The fossils were annoying because they were holes in the rock. At some point in the 230-million-year history of that corner of Scotland, the rocks had been buried, squeezed, baked, and then uplifted. The bone material was still there, but awkwardly putty-like. In Victorian times, the museum preparators had laboured hard with hammer and chisel to remove the fine-grained sandstone from these squishy bones, but the results were generally disappointing.

Alick Walker had had the insight in the 1950s, when he began his life’s work on the Triassic fauna near Elgin, to remove any remaining bone scrap and then make high-fidelity casts from the natural rock moulds. By some means that I never discovered, he selected PVC as his moulding material of choice. This is the stuff of rubber gloves, starting out as a thick liquid that can carry colour, which is poured into a mould, baked to cure, and then pulled out again. The extreme flexibility and strength of a PVC rubber glove was what we wanted – after pouring and baking, the PVC had infiltrated deep into every cavity and crack within the rock.

Sometimes, I had to round up three or four fellow students to help me haul a PVC cast of a leg bone or a skull out of the rock. It was worth it, though, because the sandstone retained very fine details, revealing, for example, the tear duct of the eye, major blood vessels, and bone sutures in the skull of Hyperodapedon.

Now, rhynchosaurs could be up to 1.5 metres (5 feet) long, and they have a very recognizable skull, with a hooked snout, a sort of grin when viewed in side view, and a very broad skull at the back.
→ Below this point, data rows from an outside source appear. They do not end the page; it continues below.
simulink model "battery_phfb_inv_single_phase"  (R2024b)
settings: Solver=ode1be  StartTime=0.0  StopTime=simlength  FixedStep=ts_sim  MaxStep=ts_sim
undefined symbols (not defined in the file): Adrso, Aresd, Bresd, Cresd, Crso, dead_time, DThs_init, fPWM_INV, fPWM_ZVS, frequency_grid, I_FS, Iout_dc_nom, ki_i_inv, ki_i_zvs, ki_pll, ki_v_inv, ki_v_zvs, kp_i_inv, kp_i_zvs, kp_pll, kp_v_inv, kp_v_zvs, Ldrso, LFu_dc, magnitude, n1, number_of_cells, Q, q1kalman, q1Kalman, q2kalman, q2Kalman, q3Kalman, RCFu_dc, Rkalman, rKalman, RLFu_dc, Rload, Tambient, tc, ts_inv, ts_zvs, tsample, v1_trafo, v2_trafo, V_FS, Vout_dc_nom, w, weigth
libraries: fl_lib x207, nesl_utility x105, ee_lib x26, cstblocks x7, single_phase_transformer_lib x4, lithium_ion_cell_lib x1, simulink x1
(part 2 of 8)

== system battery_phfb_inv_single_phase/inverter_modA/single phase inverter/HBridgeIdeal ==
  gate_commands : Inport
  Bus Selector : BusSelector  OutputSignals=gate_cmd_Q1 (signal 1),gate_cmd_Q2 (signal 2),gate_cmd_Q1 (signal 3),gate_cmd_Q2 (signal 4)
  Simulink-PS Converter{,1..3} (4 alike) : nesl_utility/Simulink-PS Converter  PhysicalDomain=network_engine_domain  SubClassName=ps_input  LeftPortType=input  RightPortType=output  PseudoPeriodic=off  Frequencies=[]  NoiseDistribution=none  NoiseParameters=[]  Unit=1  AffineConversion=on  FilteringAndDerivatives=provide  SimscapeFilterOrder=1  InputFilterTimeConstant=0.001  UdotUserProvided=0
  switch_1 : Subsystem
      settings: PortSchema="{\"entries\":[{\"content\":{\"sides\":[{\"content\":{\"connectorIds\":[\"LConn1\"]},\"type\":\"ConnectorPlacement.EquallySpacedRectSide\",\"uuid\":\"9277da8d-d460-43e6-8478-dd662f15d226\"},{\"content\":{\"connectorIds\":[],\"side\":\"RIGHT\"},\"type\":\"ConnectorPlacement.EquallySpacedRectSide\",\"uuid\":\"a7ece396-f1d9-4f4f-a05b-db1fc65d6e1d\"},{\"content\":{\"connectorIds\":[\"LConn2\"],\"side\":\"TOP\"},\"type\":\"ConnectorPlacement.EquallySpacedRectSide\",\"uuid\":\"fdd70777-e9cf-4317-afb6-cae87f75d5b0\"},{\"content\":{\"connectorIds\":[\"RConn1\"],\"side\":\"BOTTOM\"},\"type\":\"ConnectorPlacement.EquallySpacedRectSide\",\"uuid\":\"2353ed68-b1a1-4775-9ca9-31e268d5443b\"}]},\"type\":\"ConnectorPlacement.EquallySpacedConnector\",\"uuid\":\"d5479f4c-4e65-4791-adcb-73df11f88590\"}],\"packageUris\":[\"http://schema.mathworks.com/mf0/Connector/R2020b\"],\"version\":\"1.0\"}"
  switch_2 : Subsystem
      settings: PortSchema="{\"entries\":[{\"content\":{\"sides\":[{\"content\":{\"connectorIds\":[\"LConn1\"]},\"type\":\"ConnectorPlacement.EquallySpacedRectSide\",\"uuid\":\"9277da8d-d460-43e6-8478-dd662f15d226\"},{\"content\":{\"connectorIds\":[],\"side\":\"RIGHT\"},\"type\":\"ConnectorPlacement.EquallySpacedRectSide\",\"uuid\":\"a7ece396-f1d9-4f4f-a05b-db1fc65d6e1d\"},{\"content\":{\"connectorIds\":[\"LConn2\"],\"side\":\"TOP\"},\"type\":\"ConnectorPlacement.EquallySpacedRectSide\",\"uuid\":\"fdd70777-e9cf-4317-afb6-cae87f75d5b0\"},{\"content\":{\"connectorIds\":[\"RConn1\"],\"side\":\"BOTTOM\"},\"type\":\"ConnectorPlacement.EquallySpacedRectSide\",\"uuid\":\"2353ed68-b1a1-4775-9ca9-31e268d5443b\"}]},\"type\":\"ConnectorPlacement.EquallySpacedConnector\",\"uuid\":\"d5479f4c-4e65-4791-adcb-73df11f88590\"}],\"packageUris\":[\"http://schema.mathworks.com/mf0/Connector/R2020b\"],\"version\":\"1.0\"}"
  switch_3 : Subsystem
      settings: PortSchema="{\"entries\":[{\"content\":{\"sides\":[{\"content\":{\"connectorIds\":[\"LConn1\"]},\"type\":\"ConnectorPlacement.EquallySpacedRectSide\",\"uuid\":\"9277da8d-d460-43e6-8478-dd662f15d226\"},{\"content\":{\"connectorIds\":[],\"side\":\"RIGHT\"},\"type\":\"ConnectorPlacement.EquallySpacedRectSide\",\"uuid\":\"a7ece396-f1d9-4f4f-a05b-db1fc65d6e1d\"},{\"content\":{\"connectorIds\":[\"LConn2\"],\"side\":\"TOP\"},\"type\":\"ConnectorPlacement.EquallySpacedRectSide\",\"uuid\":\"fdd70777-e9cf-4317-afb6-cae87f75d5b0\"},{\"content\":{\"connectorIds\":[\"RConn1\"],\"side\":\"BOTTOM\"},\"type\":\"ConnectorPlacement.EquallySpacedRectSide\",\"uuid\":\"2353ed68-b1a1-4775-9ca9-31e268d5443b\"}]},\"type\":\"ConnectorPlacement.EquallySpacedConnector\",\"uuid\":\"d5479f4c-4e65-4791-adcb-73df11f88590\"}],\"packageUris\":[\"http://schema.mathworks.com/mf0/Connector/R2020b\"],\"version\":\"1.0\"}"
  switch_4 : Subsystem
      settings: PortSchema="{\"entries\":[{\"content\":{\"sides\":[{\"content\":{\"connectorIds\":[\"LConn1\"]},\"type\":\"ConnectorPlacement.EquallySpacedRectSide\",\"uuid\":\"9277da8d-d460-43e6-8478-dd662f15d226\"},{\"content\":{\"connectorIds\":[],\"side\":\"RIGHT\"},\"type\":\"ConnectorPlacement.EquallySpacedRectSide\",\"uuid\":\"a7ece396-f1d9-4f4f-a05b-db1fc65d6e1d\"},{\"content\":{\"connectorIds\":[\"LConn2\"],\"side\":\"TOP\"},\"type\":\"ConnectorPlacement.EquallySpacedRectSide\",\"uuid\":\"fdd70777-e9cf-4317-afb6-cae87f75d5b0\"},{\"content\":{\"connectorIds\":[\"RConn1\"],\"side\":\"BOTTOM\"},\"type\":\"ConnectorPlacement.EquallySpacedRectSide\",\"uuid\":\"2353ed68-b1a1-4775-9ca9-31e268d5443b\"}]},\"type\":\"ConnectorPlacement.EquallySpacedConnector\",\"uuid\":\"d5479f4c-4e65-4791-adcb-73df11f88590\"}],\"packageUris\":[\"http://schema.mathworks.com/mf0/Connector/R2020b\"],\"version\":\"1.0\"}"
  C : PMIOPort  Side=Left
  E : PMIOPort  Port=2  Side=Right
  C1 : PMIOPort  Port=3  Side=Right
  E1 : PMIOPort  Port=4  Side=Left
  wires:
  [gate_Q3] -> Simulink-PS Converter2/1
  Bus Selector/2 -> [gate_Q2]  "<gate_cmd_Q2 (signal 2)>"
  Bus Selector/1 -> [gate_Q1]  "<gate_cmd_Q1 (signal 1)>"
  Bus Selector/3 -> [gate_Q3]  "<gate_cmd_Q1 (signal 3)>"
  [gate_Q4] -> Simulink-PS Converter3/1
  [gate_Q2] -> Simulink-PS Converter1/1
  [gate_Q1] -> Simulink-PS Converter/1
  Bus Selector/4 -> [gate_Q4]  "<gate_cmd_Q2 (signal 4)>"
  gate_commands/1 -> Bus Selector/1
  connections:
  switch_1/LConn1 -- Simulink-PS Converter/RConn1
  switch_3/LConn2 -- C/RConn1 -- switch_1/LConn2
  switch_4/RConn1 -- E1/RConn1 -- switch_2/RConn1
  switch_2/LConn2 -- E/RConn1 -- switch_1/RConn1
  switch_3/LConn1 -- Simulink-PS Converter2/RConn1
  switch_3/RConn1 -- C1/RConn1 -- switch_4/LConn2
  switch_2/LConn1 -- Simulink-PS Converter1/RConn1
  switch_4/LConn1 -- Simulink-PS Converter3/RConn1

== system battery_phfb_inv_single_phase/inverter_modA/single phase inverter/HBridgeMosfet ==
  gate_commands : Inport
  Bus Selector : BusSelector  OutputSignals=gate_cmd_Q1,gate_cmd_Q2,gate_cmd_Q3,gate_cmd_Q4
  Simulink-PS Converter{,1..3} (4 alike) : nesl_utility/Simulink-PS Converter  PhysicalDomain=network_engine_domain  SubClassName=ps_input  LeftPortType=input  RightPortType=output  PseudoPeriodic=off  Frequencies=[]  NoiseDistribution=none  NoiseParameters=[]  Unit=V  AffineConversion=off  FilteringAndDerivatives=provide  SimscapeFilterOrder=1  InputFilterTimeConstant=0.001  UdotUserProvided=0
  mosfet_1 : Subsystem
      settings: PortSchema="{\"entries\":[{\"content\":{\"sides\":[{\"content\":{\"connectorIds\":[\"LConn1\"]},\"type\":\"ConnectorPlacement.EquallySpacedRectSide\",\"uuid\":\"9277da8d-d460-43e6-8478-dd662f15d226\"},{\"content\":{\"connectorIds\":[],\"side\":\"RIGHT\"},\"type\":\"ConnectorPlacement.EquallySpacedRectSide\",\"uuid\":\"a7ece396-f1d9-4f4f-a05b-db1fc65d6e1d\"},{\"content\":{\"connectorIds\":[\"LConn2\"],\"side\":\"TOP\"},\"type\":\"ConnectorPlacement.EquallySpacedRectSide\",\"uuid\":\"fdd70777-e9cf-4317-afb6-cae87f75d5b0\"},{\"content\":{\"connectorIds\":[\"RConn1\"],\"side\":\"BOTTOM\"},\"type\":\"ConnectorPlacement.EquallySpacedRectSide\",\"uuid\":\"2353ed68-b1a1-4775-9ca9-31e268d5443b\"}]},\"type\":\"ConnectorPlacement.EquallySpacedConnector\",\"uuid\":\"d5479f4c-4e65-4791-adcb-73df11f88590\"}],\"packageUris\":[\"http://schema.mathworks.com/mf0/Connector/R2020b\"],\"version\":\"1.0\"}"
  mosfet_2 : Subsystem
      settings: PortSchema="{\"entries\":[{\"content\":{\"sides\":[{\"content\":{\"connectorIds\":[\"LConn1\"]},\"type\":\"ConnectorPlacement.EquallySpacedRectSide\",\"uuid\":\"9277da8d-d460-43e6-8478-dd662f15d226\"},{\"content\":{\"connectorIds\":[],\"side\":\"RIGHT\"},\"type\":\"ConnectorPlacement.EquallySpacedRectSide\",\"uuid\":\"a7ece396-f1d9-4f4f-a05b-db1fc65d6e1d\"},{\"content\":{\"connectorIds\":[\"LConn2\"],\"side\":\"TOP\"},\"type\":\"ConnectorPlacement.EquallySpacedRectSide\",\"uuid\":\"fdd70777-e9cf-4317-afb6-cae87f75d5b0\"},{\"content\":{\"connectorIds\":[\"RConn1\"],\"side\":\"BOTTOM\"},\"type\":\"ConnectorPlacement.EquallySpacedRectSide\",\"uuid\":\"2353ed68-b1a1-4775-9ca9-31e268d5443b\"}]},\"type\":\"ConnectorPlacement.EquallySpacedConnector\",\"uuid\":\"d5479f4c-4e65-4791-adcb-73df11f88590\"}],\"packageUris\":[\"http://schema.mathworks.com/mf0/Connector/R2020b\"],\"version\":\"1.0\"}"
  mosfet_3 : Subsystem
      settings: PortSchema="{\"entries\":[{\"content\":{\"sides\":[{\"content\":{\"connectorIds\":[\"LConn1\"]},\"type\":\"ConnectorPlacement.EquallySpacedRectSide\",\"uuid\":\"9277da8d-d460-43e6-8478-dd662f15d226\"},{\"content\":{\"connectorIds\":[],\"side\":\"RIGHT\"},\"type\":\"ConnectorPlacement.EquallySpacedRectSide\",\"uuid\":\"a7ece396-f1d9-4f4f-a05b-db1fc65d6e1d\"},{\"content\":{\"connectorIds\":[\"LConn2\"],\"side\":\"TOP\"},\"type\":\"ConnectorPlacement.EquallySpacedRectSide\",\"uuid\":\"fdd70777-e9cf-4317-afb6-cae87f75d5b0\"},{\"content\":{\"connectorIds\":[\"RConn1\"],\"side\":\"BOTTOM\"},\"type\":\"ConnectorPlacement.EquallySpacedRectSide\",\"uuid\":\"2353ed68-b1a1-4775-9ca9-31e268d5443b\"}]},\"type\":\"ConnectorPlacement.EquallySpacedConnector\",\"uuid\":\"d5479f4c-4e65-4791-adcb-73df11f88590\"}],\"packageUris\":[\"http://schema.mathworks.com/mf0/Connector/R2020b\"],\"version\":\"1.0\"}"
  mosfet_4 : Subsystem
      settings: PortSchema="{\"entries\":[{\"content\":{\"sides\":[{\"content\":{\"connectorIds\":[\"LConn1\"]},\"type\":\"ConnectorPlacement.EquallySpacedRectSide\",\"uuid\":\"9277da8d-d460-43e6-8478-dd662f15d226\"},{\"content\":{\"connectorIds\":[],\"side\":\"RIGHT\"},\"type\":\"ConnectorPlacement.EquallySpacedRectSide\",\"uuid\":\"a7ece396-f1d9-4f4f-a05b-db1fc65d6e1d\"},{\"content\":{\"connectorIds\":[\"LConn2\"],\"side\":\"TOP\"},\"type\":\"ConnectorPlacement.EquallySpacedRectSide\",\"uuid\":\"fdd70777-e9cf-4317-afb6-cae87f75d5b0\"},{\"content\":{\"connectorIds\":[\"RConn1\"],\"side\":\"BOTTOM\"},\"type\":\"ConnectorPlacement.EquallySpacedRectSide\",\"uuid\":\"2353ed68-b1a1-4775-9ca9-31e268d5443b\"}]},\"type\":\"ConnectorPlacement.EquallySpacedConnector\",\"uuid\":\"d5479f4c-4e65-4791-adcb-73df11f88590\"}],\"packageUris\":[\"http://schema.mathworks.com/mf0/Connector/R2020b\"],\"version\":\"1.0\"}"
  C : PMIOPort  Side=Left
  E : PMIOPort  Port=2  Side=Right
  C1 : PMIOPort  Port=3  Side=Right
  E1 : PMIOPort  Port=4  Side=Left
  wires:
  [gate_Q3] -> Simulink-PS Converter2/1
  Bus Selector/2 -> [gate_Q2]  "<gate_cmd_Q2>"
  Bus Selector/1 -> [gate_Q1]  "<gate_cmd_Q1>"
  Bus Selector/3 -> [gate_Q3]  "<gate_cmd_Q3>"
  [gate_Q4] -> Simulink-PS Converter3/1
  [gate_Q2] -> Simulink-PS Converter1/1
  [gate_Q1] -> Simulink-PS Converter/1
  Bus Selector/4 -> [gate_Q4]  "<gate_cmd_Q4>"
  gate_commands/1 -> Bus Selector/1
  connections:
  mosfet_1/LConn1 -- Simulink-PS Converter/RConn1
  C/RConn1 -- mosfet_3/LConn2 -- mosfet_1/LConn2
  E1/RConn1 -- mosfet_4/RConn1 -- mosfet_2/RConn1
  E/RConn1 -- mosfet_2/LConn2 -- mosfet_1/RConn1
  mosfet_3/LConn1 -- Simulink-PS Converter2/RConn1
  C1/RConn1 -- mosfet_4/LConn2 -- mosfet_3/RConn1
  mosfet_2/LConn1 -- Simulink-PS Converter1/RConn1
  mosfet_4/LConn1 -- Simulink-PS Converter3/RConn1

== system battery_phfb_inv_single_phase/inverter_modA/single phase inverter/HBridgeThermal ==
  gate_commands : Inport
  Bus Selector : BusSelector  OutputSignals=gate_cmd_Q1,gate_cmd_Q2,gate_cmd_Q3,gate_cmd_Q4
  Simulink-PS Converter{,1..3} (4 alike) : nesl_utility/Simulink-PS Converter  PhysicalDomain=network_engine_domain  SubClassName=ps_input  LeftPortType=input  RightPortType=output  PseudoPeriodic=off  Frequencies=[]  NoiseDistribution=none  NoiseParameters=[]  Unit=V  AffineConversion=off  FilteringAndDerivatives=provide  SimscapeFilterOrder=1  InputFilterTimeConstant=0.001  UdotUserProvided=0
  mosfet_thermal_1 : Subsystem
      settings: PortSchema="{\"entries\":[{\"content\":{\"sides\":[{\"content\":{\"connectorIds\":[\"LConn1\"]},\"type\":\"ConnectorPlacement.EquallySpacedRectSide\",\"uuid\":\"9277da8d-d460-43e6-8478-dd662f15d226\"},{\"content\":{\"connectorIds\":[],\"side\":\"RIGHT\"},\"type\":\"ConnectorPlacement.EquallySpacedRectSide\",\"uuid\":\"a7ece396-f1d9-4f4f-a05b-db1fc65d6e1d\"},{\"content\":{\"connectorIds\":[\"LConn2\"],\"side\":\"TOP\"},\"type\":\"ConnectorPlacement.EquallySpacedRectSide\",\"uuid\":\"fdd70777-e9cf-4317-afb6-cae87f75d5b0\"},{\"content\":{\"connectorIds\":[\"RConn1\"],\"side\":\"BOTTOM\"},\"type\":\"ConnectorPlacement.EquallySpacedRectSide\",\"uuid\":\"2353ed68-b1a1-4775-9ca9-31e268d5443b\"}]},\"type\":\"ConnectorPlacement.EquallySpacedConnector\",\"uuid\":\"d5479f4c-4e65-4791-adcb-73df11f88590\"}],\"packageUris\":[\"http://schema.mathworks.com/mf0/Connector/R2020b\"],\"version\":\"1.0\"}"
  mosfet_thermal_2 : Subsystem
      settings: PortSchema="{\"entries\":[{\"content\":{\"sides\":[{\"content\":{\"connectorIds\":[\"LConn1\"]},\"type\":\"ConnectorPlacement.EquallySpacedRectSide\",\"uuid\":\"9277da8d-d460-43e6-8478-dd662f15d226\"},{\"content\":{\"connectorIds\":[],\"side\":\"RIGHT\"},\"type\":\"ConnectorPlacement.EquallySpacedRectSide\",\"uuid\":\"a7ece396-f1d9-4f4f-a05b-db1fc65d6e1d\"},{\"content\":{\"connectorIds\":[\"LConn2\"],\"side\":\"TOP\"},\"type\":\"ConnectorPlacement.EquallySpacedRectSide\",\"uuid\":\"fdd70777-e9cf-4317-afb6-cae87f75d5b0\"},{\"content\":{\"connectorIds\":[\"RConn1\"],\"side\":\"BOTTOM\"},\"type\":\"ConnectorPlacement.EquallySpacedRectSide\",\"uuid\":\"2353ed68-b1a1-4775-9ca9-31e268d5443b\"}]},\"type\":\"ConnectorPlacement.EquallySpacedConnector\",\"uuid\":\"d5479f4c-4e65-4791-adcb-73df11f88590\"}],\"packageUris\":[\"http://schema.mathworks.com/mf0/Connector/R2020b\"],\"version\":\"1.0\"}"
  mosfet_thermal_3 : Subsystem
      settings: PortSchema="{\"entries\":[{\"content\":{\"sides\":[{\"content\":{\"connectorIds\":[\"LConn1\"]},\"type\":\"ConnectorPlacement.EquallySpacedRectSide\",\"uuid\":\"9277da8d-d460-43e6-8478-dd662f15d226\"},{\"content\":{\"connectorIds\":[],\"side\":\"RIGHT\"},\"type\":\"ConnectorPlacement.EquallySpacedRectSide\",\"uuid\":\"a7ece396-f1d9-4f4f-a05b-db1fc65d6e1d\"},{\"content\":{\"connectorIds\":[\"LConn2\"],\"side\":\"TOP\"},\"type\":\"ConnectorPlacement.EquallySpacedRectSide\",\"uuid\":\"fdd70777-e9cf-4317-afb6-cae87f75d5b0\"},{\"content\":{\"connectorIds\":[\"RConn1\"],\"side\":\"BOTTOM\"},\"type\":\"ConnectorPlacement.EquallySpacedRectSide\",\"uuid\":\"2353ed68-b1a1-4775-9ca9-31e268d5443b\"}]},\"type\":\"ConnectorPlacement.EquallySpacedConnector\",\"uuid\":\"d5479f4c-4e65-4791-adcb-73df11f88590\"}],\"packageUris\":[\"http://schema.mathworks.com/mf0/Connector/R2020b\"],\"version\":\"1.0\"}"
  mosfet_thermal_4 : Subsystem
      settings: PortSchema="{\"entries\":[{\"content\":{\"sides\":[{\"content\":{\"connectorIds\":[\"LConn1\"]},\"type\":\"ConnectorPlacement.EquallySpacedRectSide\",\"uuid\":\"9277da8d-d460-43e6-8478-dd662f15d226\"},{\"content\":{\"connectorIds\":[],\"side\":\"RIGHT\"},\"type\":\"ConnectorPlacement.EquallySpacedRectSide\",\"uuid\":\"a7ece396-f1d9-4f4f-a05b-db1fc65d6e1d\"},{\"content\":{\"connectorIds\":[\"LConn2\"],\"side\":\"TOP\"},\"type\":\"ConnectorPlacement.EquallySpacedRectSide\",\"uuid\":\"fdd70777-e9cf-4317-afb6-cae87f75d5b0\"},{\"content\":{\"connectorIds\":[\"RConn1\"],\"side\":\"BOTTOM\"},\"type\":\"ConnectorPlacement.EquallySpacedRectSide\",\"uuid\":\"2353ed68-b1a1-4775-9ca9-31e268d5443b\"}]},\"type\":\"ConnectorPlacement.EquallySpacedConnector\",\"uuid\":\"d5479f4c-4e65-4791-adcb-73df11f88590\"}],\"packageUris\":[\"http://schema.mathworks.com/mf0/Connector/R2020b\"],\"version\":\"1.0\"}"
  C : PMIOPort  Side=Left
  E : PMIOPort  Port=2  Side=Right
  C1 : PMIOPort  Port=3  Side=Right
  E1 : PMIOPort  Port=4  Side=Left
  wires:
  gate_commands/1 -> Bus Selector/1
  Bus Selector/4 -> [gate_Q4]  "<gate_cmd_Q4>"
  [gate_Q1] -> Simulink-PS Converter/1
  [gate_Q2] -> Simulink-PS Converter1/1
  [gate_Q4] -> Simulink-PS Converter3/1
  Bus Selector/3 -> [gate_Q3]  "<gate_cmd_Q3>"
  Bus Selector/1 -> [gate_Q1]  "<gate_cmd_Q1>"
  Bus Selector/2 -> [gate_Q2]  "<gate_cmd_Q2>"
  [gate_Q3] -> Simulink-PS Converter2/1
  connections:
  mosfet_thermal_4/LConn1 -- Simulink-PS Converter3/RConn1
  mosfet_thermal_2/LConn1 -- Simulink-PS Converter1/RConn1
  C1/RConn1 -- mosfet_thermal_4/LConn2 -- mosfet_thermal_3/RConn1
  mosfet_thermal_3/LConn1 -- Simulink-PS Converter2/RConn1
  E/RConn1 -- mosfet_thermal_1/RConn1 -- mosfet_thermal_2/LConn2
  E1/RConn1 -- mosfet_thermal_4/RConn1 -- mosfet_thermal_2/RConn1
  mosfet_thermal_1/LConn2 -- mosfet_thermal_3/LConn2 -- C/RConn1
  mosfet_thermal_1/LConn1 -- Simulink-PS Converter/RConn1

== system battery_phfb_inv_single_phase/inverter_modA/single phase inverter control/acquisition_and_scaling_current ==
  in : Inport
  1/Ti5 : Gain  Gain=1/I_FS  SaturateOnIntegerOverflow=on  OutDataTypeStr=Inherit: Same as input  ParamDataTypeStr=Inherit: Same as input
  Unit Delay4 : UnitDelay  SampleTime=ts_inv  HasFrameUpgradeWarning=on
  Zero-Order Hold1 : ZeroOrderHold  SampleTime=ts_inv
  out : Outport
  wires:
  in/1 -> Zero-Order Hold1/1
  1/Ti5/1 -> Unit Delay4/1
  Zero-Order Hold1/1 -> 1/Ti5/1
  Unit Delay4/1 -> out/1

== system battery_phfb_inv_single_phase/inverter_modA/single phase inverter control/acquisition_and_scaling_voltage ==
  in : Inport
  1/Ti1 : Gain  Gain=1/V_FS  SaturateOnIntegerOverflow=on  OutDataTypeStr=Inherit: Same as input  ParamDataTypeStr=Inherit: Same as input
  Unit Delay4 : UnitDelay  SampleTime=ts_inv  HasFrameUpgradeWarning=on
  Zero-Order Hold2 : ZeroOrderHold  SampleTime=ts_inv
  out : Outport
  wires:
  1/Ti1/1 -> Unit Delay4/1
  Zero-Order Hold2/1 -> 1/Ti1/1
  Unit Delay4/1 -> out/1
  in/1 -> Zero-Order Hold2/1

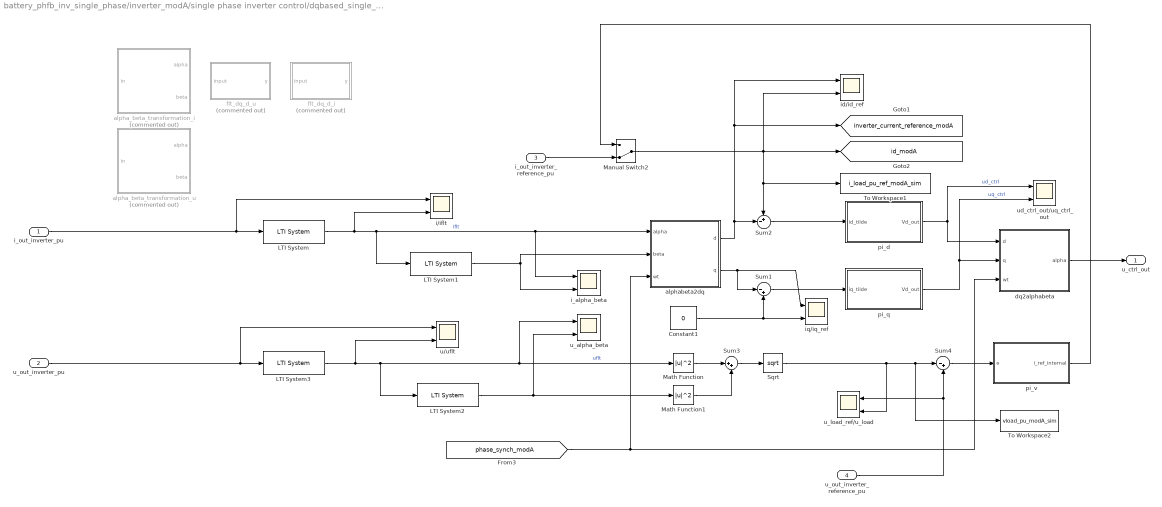
== system battery_phfb_inv_single_phase/inverter_modA/single phase inverter control/dqbased_single_phase_inverter_ctrl ==
  i_out_inverter_pu : Inport
  u_out_inverter_pu : Inport  Port=2
  i_out_inverter_reference_pu : Inport  Port=3
  u_out_inverter_reference_pu : Inport  Port=4
  Constant1 : Constant  Value=0
  LTI System : cstblocks/LTI System  sys=resd_tf  IC=[]  PadeOrder=0
  LTI System1 : cstblocks/LTI System  sys=flt_dq_d  IC=[]  PadeOrder=0
  LTI System2 : cstblocks/LTI System  sys=flt_dq_d  IC=[]  PadeOrder=0
  LTI System3 : cstblocks/LTI System  sys=resd_tf  IC=[]  PadeOrder=0
  Manual Switch2 : ManualSwitch  CurrentSetting=0
  Math Function : Math  Operator=magnitude^2
  Math Function1 : Math  Operator=magnitude^2
  Sqrt : Sqrt
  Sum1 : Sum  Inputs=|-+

The breadth of the skull created a huge space between the (small) braincase in the middle of the skull and the jaws, which in life was filled with several powerful jaw muscles. The diameter of a muscle gives a measure of its power, and there was no doubt that rhynchosaurs had amazingly powerful jaws. Their dentition bore this out, consisting of several rows of teeth, being emplaced at the back of each jawbone, and expanding the tooth row as the animal grew larger. Teeth near the front were worn flat by close wear against those of the opposite jaw. Indeed, one of the first palaeontologists to describe rhynchosaurs, the famous Victorian supporter of Darwin, Thomas Henry Huxley, compared their jaw action to the closing of a penknife – the lower jaw is the blade, and it fits snugly into the deeply grooved upper jaw. This shows that the only jaw action they were capable of was to cut the food precisely, as if with a strong pair of fabric scissors, an action technically termed ‘shearing’. The jaws could not move sideways, so they could not chew their food.